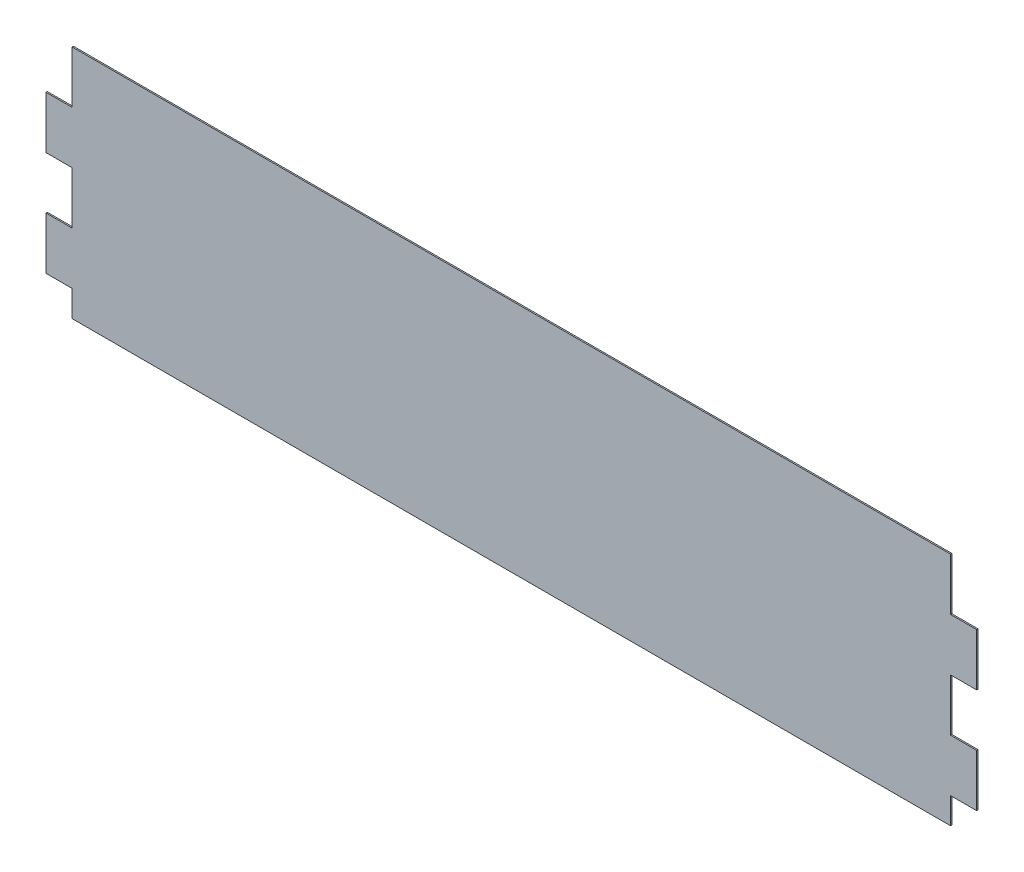
SolidWorks part; units mm, degrees
ref_plane "Front Plane" through (0, 0, 0) normal (0, 0, 1) x (1, 0, 0)
ref_plane "Top Plane" through (0, 0, 0) normal (0, 1, 0) x (1, 0, 0)
ref_plane "Right Plane" through (0, 0, 0) normal (1, 0, 0) x (0, 0, -1)
sketch "Sketch2" plane through (0, 0, 0) normal (0, 0, 1) x (1, 0, 0)
  line L0 (0, 0) -> (5, 0)
  line L1 (5, 0) -> (173, 0)
  line L2 (173, 0) -> (178, 0)
  line L3 (178, 0) -> (178, 45)
  line L4 (178, 45) -> (0, 45)
  line L5 (0, 45) -> (0, 0)
  dimension "D1" = 45
  dimension "D2" = 5
  dimension "D3" = 5
  dimension "D4" = 168
  dimension "D5" = 45
extrude "Boss-Extrude1" add sketch "Sketch2" along normal mid plane 0.25
sketch "Sketch3" plane through (0, 0, 0.125) normal (0, 0, 1) x (1, 0, 0)
  line L1 (0, 45) -> (5, 45)
  line L2 (0, 45) -> (0, 35)
  line L3 (0, 35) -> (5, 35)
  line L4 (5, 45) -> (5, 35)
  dimension "D1" = 5
  dimension "D2" = 10
extrude "Cut-Extrude1" cut sketch "Sketch3" against normal through all
pattern_linear "LPattern2" count 4 spacing 20 along (0, -1, 0) count 2 spacing 173 along (1, 0, 0) of "Cut-Extrude1"

| TASK PROMPT |
From the records above, pull out every line containing the word "sketch".

| EXPECTED ANSWER |
sketch "Sketch2" plane through (0, 0, 0) normal (0, 0, 1) x (1, 0, 0)
extrude "Boss-Extrude1" add sketch "Sketch2" along normal mid plane 0.25
sketch "Sketch3" plane through (0, 0, 0.125) normal (0, 0, 1) x (1, 0, 0)
extrude "Cut-Extrude1" cut sketch "Sketch3" against normal through all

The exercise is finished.